Resumo: A família Caliciviridae é formada por vírus pertencentes a cinco gêneros: Sapovirus, Norovirus, Lagovirus, Vesivirus e Nebovirus. Alguns sapovírus e norovírus são conhecidos como agentes causadores de gastrenterites em humanos, sendo sapovírus o segundo agente viral mais importante depois dos norovírus. O genoma do sapovírus é linear, de senso positivo, ssRNA, com tamanho de cerca de 7,5 kb, poliadenilado na região terminal 3'. Os sapovirus, atualmente, são divididos em sete genogrupos (GI-GVII) que infectam humanos, suínos e visons. Essa classificação é baseada, principalmente na sequência da proteína do capsídeo.
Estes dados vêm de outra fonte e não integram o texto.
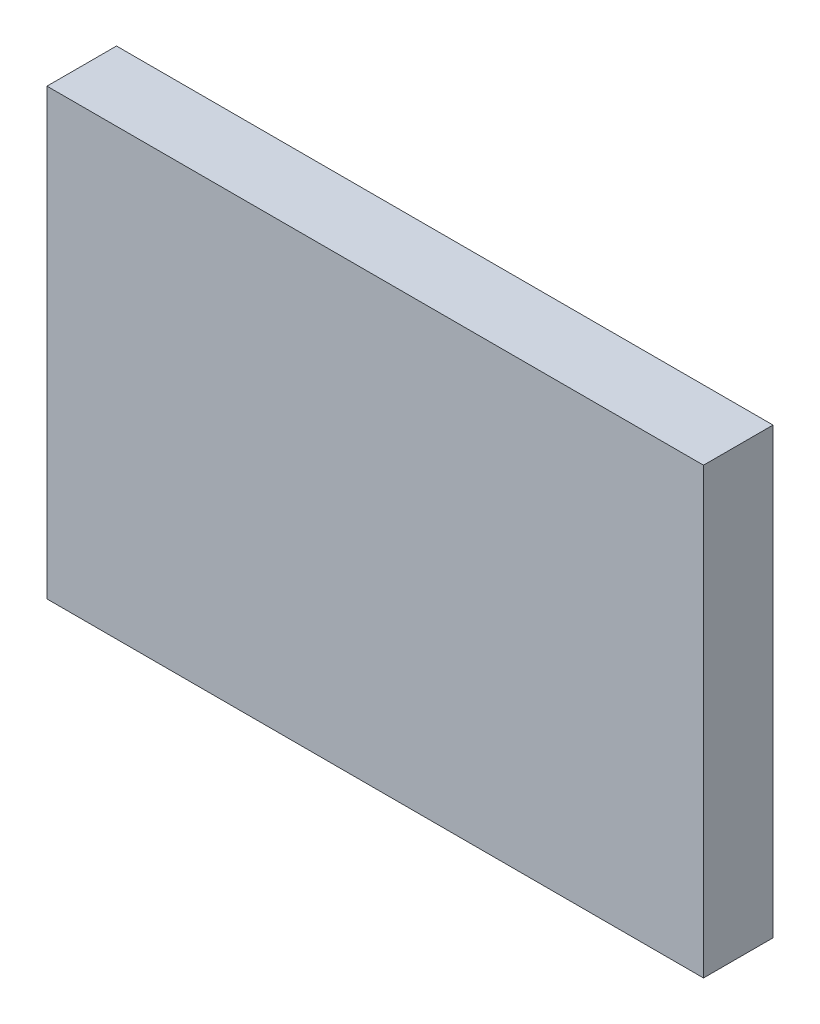
ISO-10303-21;
HEADER;
FILE_DESCRIPTION(('STEP AP214'),'2;1');
FILE_NAME('part.step','',(''),(''),'','','');
FILE_SCHEMA(('AUTOMOTIVE_DESIGN { 1 0 10303 214 1 1 1 1 }'));
ENDSEC;
DATA;
#1=APPLICATION_CONTEXT('core data for automotive mechanical design processes');
#2=APPLICATION_PROTOCOL_DEFINITION('international standard','automotive_design',2000,#1);
#3=PRODUCT_CONTEXT('',#1,'mechanical');
#4=PRODUCT('Part','Part','',(#3));
#5=PRODUCT_RELATED_PRODUCT_CATEGORY('part','',(#4));
#6=PRODUCT_DEFINITION_FORMATION('','',#4);
#7=PRODUCT_DEFINITION_CONTEXT('part definition',#1,'design');
#8=PRODUCT_DEFINITION('design','',#6,#7);
#9=PRODUCT_DEFINITION_SHAPE('','',#8);
#10=(LENGTH_UNIT() NAMED_UNIT(*) SI_UNIT(.MILLI.,.METRE.));
#11=(NAMED_UNIT(*) PLANE_ANGLE_UNIT() SI_UNIT($,.RADIAN.));
#12=(NAMED_UNIT(*) SI_UNIT($,.STERADIAN.) SOLID_ANGLE_UNIT());
#13=UNCERTAINTY_MEASURE_WITH_UNIT(LENGTH_MEASURE(1.E-05),#10,'distance_accuracy_value','');
#14=(GEOMETRIC_REPRESENTATION_CONTEXT(3) GLOBAL_UNCERTAINTY_ASSIGNED_CONTEXT((#13)) GLOBAL_UNIT_ASSIGNED_CONTEXT((#10,
#11,#12)) REPRESENTATION_CONTEXT('',''));
#15=CARTESIAN_POINT('',(0.,0.,0.));
#16=DIRECTION('',(0.,0.,1.));
#17=DIRECTION('',(1.,0.,0.));
#18=AXIS2_PLACEMENT_3D('',#15,#16,#17);
#19=CARTESIAN_POINT('',(85.,-57.5,18.));
#20=DIRECTION('',(-1.,0.,0.));
#21=DIRECTION('',(0.,0.,1.));
#22=AXIS2_PLACEMENT_3D('',#19,#20,#21);
#23=PLANE('',#22);
#24=DIRECTION('',(0.,1.,0.));
#25=VECTOR('',#24,1.);
#26=CARTESIAN_POINT('',(85.,-57.5,0.));
#27=LINE('',#26,#25);
#28=CARTESIAN_POINT('',(85.,-57.5,0.));
#29=VERTEX_POINT('',#28);
#30=CARTESIAN_POINT('',(85.,57.5,0.));
#31=VERTEX_POINT('',#30);
#32=EDGE_CURVE('E97',#29,#31,#27,.T.);
#33=ORIENTED_EDGE('',*,*,#32,.T.);
#34=DIRECTION('',(0.,0.,-1.));
#35=VECTOR('',#34,1.);
#36=CARTESIAN_POINT('',(85.,57.5,18.));
#37=LINE('',#36,#35);
#38=CARTESIAN_POINT('',(85.,57.5,18.));
#39=VERTEX_POINT('',#38);
#40=EDGE_CURVE('E11',#39,#31,#37,.T.);
#41=ORIENTED_EDGE('',*,*,#40,.F.);
#42=DIRECTION('',(0.,1.,0.));
#43=VECTOR('',#42,1.);
#44=CARTESIAN_POINT('',(85.,-57.5,18.));
#45=LINE('',#44,#43);
#46=CARTESIAN_POINT('',(85.,-57.5,18.));
#47=VERTEX_POINT('',#46);
#48=EDGE_CURVE('E85',#47,#39,#45,.T.);
#49=ORIENTED_EDGE('',*,*,#48,.F.);
#50=DIRECTION('',(0.,0.,-1.));
#51=VECTOR('',#50,1.);
#52=CARTESIAN_POINT('',(85.,-57.5,18.));
#53=LINE('',#52,#51);
#54=EDGE_CURVE('E93',#47,#29,#53,.T.);
#55=ORIENTED_EDGE('',*,*,#54,.T.);
#56=EDGE_LOOP('',(#33,#41,#49,#55));
#57=FACE_BOUND('',#56,.T.);
#58=ADVANCED_FACE('F34',(#57),#23,.F.);
#59=CARTESIAN_POINT('',(-85.,57.5,18.));
#60=DIRECTION('',(0.,-1.,0.));
#61=DIRECTION('',(0.,0.,-1.));
#62=AXIS2_PLACEMENT_3D('',#59,#60,#61);
#63=PLANE('',#62);
#64=DIRECTION('',(-1.,0.,0.));
#65=VECTOR('',#64,1.);
#66=CARTESIAN_POINT('',(-85.,57.5,0.));
#67=LINE('',#66,#65);
#68=CARTESIAN_POINT('',(-85.,57.5,0.));
#69=VERTEX_POINT('',#68);
#70=EDGE_CURVE('E89',#31,#69,#67,.T.);
#71=ORIENTED_EDGE('',*,*,#70,.T.);
#72=DIRECTION('',(0.,0.,-1.));
#73=VECTOR('',#72,1.);
#74=CARTESIAN_POINT('',(-85.,57.5,18.));
#75=LINE('',#74,#73);
#76=CARTESIAN_POINT('',(-85.,57.5,18.));
#77=VERTEX_POINT('',#76);
#78=EDGE_CURVE('E42',#77,#69,#75,.T.);
#79=ORIENTED_EDGE('',*,*,#78,.F.);
#80=DIRECTION('',(-1.,0.,0.));
#81=VECTOR('',#80,1.);
#82=CARTESIAN_POINT('',(-85.,57.5,18.));
#83=LINE('',#82,#81);
#84=EDGE_CURVE('E80',#39,#77,#83,.T.);
#85=ORIENTED_EDGE('',*,*,#84,.F.);
#86=ORIENTED_EDGE('',*,*,#40,.T.);
#87=EDGE_LOOP('',(#71,#79,#85,#86));
#88=FACE_BOUND('',#87,.T.);
#89=ADVANCED_FACE('F88',(#88),#63,.F.);
#90=CARTESIAN_POINT('',(-85.,-57.5,18.));
#91=DIRECTION('',(1.,0.,0.));
#92=DIRECTION('',(0.,0.,-1.));
#93=AXIS2_PLACEMENT_3D('',#90,#91,#92);
#94=PLANE('',#93);
#95=DIRECTION('',(0.,-1.,0.));
#96=VECTOR('',#95,1.);
#97=CARTESIAN_POINT('',(-85.,-57.5,0.));
#98=LINE('',#97,#96);
#99=CARTESIAN_POINT('',(-85.,-57.5,0.));
#100=VERTEX_POINT('',#99);
#101=EDGE_CURVE('E67',#69,#100,#98,.T.);
#102=ORIENTED_EDGE('',*,*,#101,.T.);
#103=DIRECTION('',(0.,0.,-1.));
#104=VECTOR('',#103,1.);
#105=CARTESIAN_POINT('',(-85.,-57.5,18.));
#106=LINE('',#105,#104);
#107=CARTESIAN_POINT('',(-85.,-57.5,18.));
#108=VERTEX_POINT('',#107);
#109=EDGE_CURVE('E90',#108,#100,#106,.T.);
#110=ORIENTED_EDGE('',*,*,#109,.F.);
#111=DIRECTION('',(0.,-1.,0.));
#112=VECTOR('',#111,1.);
#113=CARTESIAN_POINT('',(-85.,-57.5,18.));
#114=LINE('',#113,#112);
#115=EDGE_CURVE('E83',#77,#108,#114,.T.);
#116=ORIENTED_EDGE('',*,*,#115,.F.);
#117=ORIENTED_EDGE('',*,*,#78,.T.);
#118=EDGE_LOOP('',(#102,#110,#116,#117));
#119=FACE_BOUND('',#118,.T.);
#120=ADVANCED_FACE('F91',(#119),#94,.F.);
#121=CARTESIAN_POINT('',(-85.,-57.5,18.));
#122=DIRECTION('',(0.,1.,0.));
#123=DIRECTION('',(0.,0.,1.));
#124=AXIS2_PLACEMENT_3D('',#121,#122,#123);
#125=PLANE('',#124);
#126=DIRECTION('',(1.,0.,0.));
#127=VECTOR('',#126,1.);
#128=CARTESIAN_POINT('',(-85.,-57.5,0.));
#129=LINE('',#128,#127);
#130=EDGE_CURVE('E73',#100,#29,#129,.T.);
#131=ORIENTED_EDGE('',*,*,#130,.T.);
#132=ORIENTED_EDGE('',*,*,#54,.F.);
#133=DIRECTION('',(1.,0.,0.));
#134=VECTOR('',#133,1.);
#135=CARTESIAN_POINT('',(-85.,-57.5,18.));
#136=LINE('',#135,#134);
#137=EDGE_CURVE('E50',#108,#47,#136,.T.);
#138=ORIENTED_EDGE('',*,*,#137,.F.);
#139=ORIENTED_EDGE('',*,*,#109,.T.);
#140=EDGE_LOOP('',(#131,#132,#138,#139));
#141=FACE_BOUND('',#140,.T.);
#142=ADVANCED_FACE('F104',(#141),#125,.F.);
#143=CARTESIAN_POINT('',(0.,0.,18.));
#144=DIRECTION('',(0.,0.,-1.));
#145=DIRECTION('',(-1.,0.,0.));
#146=AXIS2_PLACEMENT_3D('',#143,#144,#145);
#147=PLANE('',#146);
#148=ORIENTED_EDGE('',*,*,#48,.T.);
#149=ORIENTED_EDGE('',*,*,#84,.T.);
#150=ORIENTED_EDGE('',*,*,#115,.T.);
#151=ORIENTED_EDGE('',*,*,#137,.T.);
#152=EDGE_LOOP('',(#148,#149,#150,#151));
#153=FACE_BOUND('',#152,.T.);
#154=ADVANCED_FACE('F81',(#153),#147,.F.);
#155=CARTESIAN_POINT('',(0.,0.,0.));
#156=DIRECTION('',(0.,0.,-1.));
#157=DIRECTION('',(-1.,0.,0.));
#158=AXIS2_PLACEMENT_3D('',#155,#156,#157);
#159=PLANE('',#158);
#160=ORIENTED_EDGE('',*,*,#32,.F.);
#161=ORIENTED_EDGE('',*,*,#130,.F.);
#162=ORIENTED_EDGE('',*,*,#101,.F.);
#163=ORIENTED_EDGE('',*,*,#70,.F.);
#164=EDGE_LOOP('',(#160,#161,#162,#163));
#165=FACE_BOUND('',#164,.T.);
#166=ADVANCED_FACE('F107',(#165),#159,.T.);
#167=CLOSED_SHELL('',(#58,#89,#120,#142,#154,#166));
#168=MANIFOLD_SOLID_BREP('B2',#167);
#169=ADVANCED_BREP_SHAPE_REPRESENTATION('',(#18,#168),#14);
#170=SHAPE_DEFINITION_REPRESENTATION(#9,#169);
ENDSEC;
END-ISO-10303-21;

Nesse estudo, o genoma completo de um sapovírus isolado (Sapovirus Hu/GI.2/BRDF01/ BRA/2009) em Brasília, Brasil, foi analisado com todas as sequências de sapovírus disponíveis para determinar sua relação filogenética e possíveis eventos de recombinação intra- e inter-genogrupos. Foi determinada uma proximidade filogenética com uma sequência obtida em 2005 em Bangladesh. Uma possível recombinação inter-genogrupo entre GI (humano) e GIII (suíno) assim como recombinações intra-genogrupo foram encontradas nas análises. Outro achado relevante é a região RdRp-CP como sítio de recombinação. Devido à ausência de ferramenta eficaz de diagnóstico imunológico do vírus baseada em procedimento de ELISA, surgiu à demanda de se expressar o capsídeo viral utilizando sistema de expressão de proteína heteróloga para obter anticorpo específico. Dessa forma o segundo objetivo desse trabalho foi produzir VLP de sapovírus utilizando o sistema de baculovírus recombinante. Para a confirmação da montagem dessa particular além de análise em microscopia eletrônica foi produzido um anticorpo policlonal contra a porção variável da proteína do capsídeo (P2). A análise ao microscópio eletrônico de transmissão demonstrou partículas esféricas com tamanhos de 20-40 nm, no entanto a ligação entre o anticorpo anti-P2 e possível VLP expressa não foi demonstrada. Esses resultados indicam que maiores estudos quanto a expressão e purificação de VLP de sapovírus devem ser realizados. _______________________________________________________________________________________ ABSTRACT
The family Caliciviridae consists of viruses belonging to five genera: Sapovirus, Norovirus, Lagovirus, Vesivirus and Nebovirus. Certain sapovirus and norovirus strains are well-known causative agents of serious human gastroenteritis. Sapovirus is the second most important causative agent of human diseases next to norovirus. The sapovirus genome is linear, positive-sense, single-stranded RNA, of approximately 7,5kb that is polyadenylated at the 3’ terminus. Sapovirus is divided into, at moment, seven genogroups (GI-GVII). This classification is based mainly on capsid protein sequence divergence. In this study, the entire genome of one sapovirus isolated in Brasília, Brazil (Sapovirus Hu/GI.2/BRDF01/ BRA/2009) was evaluated with all available sequences of sapovirus to determine its phylogenetic relationship and possible intra- and inter-genogroups recombination events using RDP3 program. It was determined the identity between the Brazilian sequence and one sequence collected in 2005 in Bangladesh and its possible recombination such as a possibility of an inter-genogroup recombination event between GI (human) and GIII (porcine). Another relevant found is the region of RdRp-CP as a hot spot of recombination. Due to the lack of the efficient diagnostic tools based on ELISA procedure, the preparation of capsid protein of the virus using heterologous protein expression system was requested. Thus the second objective of this work was to produce VLP sapovirus using recombinant baculovirus system. To confirm this particle assembly besides electronic microscopy analysis a polyclonal antibody was produced against the variable region (P2) of the capsid protein. The analysis by transmission electron microscope showed spherical particles with sizes of 20-40 nm, however the response between the anti-P2 and the possible VLP could not be demonstrated. These results indicate that further studies regarding the expression and purification of VLP sapovirus should be performed.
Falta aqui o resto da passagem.